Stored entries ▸

--- START ---

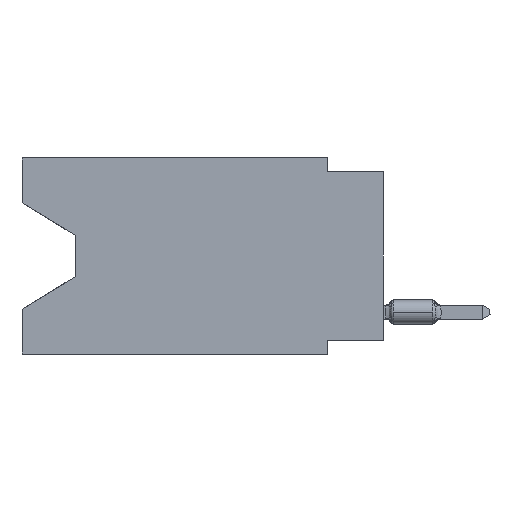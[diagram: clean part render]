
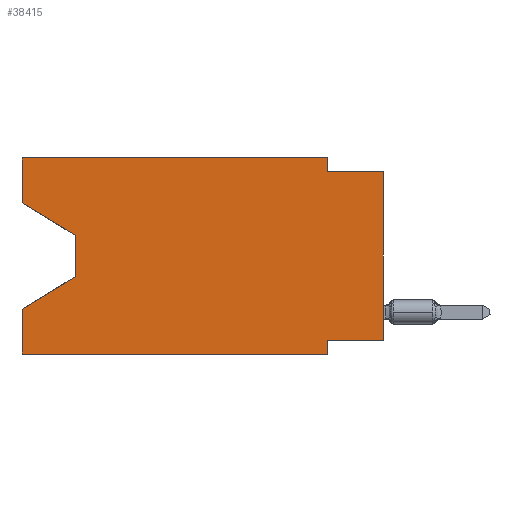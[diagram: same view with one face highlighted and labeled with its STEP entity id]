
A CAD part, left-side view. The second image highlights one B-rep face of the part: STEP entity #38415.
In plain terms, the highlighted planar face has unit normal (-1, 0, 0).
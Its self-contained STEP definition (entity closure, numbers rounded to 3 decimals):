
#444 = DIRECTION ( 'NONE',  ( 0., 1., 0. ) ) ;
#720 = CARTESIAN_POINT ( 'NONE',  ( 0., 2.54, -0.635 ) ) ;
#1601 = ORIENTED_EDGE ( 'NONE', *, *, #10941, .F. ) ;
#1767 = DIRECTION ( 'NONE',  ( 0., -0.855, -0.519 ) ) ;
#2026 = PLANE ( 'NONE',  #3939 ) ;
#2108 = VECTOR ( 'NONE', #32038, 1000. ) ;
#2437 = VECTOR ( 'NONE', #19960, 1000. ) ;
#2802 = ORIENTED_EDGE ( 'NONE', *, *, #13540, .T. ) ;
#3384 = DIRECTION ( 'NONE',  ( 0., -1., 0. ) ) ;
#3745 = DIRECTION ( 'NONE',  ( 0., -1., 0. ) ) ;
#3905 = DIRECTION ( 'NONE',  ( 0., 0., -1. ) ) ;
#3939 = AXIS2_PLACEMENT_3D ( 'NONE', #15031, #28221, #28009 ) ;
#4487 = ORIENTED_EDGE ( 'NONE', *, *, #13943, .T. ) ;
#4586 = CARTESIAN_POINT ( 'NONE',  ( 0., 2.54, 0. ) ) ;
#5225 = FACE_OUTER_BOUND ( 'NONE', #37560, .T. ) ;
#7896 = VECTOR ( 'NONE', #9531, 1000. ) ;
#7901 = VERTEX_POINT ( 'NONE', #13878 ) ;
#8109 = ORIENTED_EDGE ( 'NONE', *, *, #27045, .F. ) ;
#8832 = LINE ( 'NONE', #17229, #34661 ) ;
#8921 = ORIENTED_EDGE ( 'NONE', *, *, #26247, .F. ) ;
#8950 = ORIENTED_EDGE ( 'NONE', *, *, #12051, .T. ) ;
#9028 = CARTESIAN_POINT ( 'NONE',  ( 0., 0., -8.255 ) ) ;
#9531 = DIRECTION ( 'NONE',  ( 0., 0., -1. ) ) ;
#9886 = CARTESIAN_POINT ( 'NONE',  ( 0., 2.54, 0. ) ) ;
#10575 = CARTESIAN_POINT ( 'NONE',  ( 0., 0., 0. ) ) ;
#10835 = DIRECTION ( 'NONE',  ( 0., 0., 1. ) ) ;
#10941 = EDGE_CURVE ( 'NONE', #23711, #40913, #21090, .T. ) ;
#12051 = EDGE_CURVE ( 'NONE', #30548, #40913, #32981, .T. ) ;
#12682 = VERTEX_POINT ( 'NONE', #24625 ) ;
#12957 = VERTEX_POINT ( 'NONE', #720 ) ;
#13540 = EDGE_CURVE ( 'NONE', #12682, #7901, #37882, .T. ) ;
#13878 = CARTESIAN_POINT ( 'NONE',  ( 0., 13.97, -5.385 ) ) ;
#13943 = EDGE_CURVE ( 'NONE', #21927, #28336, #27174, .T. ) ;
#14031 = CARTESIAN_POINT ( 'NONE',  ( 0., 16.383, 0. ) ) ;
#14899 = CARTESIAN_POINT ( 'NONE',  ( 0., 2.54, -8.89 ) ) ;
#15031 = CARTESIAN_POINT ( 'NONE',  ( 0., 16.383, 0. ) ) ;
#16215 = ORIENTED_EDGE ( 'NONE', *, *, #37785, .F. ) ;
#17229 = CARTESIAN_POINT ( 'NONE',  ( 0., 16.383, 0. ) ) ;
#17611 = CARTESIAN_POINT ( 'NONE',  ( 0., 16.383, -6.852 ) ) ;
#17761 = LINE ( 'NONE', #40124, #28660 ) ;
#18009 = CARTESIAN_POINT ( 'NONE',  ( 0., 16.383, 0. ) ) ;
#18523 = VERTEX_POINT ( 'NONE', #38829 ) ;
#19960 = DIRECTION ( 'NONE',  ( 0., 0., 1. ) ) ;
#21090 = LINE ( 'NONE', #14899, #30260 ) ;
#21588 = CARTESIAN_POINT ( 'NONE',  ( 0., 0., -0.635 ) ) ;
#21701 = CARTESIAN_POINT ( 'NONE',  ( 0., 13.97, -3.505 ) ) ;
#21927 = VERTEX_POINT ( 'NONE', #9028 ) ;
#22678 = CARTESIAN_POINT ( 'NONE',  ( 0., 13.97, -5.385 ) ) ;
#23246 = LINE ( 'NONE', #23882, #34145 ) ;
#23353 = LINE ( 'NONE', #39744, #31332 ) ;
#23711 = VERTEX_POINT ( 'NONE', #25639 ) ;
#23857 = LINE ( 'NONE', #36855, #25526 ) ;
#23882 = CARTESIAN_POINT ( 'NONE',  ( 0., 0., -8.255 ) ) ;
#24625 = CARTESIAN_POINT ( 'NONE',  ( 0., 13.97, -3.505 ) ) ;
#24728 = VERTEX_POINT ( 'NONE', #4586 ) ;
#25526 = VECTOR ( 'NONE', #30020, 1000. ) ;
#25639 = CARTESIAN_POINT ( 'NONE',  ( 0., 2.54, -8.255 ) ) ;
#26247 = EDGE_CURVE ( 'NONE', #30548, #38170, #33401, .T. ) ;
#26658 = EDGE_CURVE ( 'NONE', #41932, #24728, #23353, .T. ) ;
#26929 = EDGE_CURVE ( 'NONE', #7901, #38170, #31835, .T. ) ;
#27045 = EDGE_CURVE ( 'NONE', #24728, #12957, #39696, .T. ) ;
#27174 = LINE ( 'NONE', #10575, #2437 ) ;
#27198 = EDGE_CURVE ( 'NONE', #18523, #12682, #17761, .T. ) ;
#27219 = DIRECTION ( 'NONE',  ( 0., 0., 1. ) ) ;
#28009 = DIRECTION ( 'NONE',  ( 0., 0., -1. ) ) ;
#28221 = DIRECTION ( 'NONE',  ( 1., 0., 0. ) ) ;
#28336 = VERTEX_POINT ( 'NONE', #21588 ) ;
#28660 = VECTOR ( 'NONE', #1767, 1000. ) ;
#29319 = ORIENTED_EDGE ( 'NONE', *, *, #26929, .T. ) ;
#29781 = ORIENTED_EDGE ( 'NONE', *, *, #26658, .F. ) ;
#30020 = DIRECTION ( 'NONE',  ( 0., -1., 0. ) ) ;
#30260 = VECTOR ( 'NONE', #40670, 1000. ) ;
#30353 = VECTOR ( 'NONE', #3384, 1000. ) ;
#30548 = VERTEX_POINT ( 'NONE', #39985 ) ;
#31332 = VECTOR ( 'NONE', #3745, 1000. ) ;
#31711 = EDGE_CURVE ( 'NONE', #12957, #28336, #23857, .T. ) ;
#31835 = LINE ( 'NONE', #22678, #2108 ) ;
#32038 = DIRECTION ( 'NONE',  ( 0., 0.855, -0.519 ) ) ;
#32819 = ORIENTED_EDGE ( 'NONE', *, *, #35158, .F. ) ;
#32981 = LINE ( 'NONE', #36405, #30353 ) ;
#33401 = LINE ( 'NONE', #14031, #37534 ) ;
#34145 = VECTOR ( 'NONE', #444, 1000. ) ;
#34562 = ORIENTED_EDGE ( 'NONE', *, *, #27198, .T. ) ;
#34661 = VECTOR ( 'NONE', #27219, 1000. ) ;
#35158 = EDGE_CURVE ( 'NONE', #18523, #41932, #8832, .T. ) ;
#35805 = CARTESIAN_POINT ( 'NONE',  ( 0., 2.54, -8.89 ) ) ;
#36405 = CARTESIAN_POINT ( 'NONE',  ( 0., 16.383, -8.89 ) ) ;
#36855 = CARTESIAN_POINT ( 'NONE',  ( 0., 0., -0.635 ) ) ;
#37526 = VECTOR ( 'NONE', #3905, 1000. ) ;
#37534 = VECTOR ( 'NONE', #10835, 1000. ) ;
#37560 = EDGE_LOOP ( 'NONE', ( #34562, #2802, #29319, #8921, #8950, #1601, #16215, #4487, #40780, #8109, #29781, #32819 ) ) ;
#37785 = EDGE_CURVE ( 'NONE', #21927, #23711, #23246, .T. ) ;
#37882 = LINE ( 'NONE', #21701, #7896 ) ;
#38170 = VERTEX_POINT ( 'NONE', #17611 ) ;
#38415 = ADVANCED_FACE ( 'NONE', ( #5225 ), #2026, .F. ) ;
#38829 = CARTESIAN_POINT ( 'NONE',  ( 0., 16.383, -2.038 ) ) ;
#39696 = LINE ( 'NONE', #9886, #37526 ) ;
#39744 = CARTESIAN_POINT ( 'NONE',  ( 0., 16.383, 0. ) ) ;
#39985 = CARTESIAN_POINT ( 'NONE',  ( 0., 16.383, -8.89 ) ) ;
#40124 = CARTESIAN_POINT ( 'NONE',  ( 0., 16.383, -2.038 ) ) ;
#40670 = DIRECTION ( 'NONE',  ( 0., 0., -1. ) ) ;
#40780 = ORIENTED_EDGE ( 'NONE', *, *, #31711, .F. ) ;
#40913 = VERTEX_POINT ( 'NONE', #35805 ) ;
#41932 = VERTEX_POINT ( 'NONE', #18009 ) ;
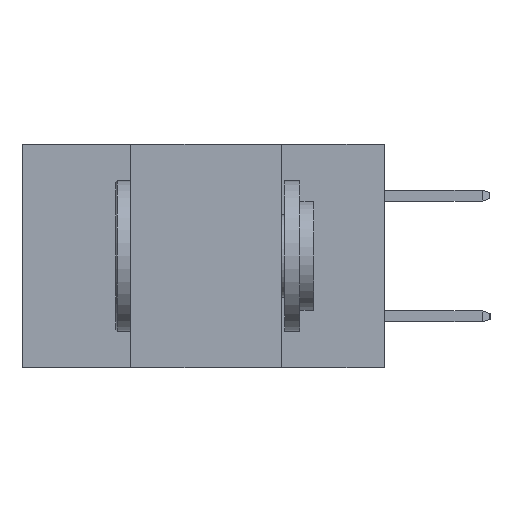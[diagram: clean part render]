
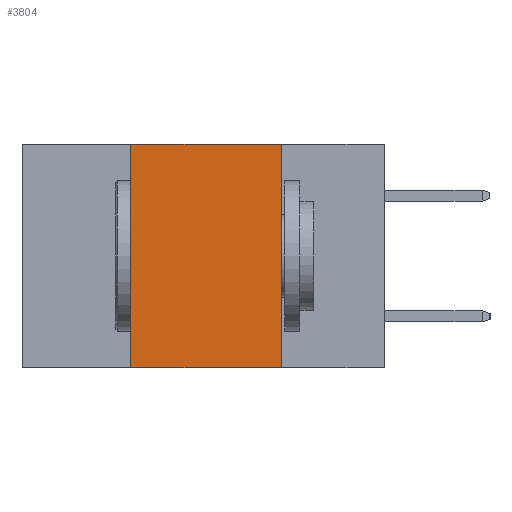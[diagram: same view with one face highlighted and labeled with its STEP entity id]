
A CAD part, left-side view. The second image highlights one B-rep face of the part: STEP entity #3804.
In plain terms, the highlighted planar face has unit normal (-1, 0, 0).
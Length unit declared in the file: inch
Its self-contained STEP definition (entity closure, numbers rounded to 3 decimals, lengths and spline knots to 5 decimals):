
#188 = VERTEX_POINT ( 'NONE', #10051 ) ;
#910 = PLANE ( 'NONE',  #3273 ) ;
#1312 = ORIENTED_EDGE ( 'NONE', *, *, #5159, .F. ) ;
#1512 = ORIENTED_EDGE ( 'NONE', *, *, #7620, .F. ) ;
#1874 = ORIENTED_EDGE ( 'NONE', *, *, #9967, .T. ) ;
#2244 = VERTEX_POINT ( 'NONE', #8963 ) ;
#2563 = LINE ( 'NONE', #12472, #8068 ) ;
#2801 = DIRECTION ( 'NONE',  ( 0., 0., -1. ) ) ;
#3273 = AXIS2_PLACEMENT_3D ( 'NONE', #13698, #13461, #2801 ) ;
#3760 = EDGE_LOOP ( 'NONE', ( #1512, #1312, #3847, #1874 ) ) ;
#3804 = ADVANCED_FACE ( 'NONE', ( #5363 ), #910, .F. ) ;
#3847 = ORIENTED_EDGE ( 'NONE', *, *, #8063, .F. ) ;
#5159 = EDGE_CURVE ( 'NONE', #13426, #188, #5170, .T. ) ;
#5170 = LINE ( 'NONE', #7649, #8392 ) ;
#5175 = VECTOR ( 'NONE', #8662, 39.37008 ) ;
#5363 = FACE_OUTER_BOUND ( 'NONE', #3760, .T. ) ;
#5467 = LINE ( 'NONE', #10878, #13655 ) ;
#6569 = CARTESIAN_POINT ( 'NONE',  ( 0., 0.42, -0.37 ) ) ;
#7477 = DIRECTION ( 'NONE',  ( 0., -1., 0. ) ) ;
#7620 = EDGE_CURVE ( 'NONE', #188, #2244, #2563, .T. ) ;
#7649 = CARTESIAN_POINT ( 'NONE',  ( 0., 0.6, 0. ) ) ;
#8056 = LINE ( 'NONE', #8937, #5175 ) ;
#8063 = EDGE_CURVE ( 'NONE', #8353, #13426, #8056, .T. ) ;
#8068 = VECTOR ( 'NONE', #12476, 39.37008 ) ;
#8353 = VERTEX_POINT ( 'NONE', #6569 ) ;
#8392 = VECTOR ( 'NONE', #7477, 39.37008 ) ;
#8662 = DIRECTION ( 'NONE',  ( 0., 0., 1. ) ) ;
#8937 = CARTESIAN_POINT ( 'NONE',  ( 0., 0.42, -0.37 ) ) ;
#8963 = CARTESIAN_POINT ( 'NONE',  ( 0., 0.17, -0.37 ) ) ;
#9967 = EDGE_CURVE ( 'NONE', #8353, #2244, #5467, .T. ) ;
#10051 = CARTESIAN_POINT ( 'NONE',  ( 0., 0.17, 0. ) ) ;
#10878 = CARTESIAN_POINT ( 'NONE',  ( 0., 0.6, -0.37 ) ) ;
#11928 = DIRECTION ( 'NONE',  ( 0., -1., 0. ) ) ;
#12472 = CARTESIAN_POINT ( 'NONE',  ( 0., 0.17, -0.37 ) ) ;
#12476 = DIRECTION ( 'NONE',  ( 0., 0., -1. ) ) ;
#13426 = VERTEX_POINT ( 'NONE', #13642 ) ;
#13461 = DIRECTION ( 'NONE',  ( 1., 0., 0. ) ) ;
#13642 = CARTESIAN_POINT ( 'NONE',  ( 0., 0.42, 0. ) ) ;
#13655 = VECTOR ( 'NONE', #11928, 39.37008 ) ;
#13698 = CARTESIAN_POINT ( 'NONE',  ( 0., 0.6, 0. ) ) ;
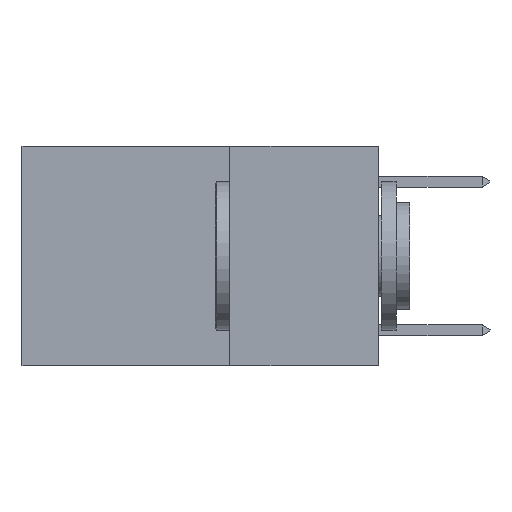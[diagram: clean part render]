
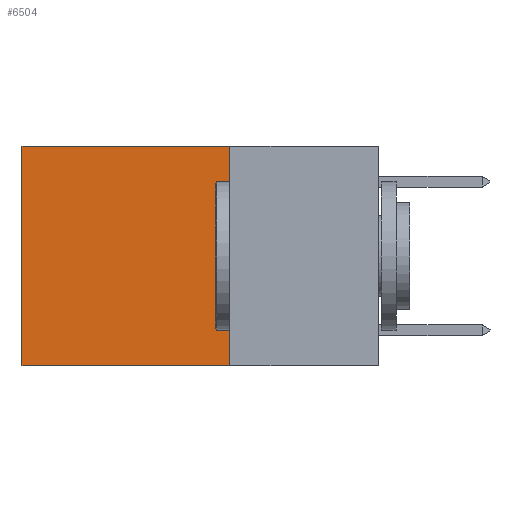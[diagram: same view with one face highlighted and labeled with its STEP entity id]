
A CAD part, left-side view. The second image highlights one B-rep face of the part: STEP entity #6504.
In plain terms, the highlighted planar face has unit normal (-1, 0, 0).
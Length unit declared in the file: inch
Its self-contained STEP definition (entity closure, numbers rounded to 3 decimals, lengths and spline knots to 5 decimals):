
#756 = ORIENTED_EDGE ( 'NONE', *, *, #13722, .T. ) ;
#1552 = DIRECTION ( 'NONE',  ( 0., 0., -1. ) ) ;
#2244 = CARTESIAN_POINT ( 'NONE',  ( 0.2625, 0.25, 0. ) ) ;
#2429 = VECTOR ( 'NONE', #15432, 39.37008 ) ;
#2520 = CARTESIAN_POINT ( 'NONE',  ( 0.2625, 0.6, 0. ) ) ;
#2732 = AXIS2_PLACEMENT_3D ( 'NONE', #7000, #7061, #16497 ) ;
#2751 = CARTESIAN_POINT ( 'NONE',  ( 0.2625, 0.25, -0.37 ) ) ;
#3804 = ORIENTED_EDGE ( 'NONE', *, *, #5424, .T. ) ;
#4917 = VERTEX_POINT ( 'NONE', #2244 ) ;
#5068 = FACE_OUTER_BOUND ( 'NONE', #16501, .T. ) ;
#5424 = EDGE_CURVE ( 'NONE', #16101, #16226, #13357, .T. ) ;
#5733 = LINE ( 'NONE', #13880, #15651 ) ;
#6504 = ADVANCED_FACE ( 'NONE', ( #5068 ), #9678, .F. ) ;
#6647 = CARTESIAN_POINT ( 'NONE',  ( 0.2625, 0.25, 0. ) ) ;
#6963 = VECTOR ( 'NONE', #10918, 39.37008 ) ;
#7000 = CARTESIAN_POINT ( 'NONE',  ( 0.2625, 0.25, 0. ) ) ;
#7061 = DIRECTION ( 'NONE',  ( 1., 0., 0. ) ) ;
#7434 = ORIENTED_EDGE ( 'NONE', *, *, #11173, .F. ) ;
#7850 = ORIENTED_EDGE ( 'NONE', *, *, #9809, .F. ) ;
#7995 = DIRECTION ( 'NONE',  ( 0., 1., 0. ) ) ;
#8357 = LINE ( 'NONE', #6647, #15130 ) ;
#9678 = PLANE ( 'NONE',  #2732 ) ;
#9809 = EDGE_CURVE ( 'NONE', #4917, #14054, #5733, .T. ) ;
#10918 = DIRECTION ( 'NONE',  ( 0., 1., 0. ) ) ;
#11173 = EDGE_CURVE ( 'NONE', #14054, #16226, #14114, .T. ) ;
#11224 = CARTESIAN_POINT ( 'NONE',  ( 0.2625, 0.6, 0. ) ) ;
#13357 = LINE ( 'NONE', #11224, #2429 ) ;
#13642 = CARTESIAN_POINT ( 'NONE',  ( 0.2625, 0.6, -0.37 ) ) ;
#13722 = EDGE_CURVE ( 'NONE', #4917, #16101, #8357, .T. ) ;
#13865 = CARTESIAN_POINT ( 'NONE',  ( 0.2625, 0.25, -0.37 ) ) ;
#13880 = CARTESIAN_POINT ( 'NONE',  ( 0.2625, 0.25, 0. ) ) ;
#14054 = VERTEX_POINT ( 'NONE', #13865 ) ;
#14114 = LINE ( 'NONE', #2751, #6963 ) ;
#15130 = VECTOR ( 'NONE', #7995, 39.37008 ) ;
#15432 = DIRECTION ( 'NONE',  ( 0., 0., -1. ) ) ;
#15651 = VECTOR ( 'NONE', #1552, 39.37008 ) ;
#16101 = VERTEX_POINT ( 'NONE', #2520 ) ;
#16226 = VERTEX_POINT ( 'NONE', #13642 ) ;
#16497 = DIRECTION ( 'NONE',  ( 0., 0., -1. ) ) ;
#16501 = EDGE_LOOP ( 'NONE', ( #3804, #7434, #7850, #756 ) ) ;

--- END ---

Task directions ▸ In the entries above, restate word for word the lines between the one holding "#18009 = CARTESIAN_POINT" and the one holding "#24728 = VERTEX_POINT ( 'NONE', #4586 ) ;", inclusive, and nothing besides.

Written solution ▸
#18009 = CARTESIAN_POINT ( 'NONE',  ( 0., 16.383, 0. ) ) ;
#18523 = VERTEX_POINT ( 'NONE', #38829 ) ;
#19960 = DIRECTION ( 'NONE',  ( 0., 0., 1. ) ) ;
#21090 = LINE ( 'NONE', #14899, #30260 ) ;
#21588 = CARTESIAN_POINT ( 'NONE',  ( 0., 0., -0.635 ) ) ;
#21701 = CARTESIAN_POINT ( 'NONE',  ( 0., 13.97, -3.505 ) ) ;
#21927 = VERTEX_POINT ( 'NONE', #9028 ) ;
#22678 = CARTESIAN_POINT ( 'NONE',  ( 0., 13.97, -5.385 ) ) ;
#23246 = LINE ( 'NONE', #23882, #34145 ) ;
#23353 = LINE ( 'NONE', #39744, #31332 ) ;
#23711 = VERTEX_POINT ( 'NONE', #25639 ) ;
#23857 = LINE ( 'NONE', #36855, #25526 ) ;
#23882 = CARTESIAN_POINT ( 'NONE',  ( 0., 0., -8.255 ) ) ;
#24625 = CARTESIAN_POINT ( 'NONE',  ( 0., 13.97, -3.505 ) ) ;
#24728 = VERTEX_POINT ( 'NONE', #4586 ) ;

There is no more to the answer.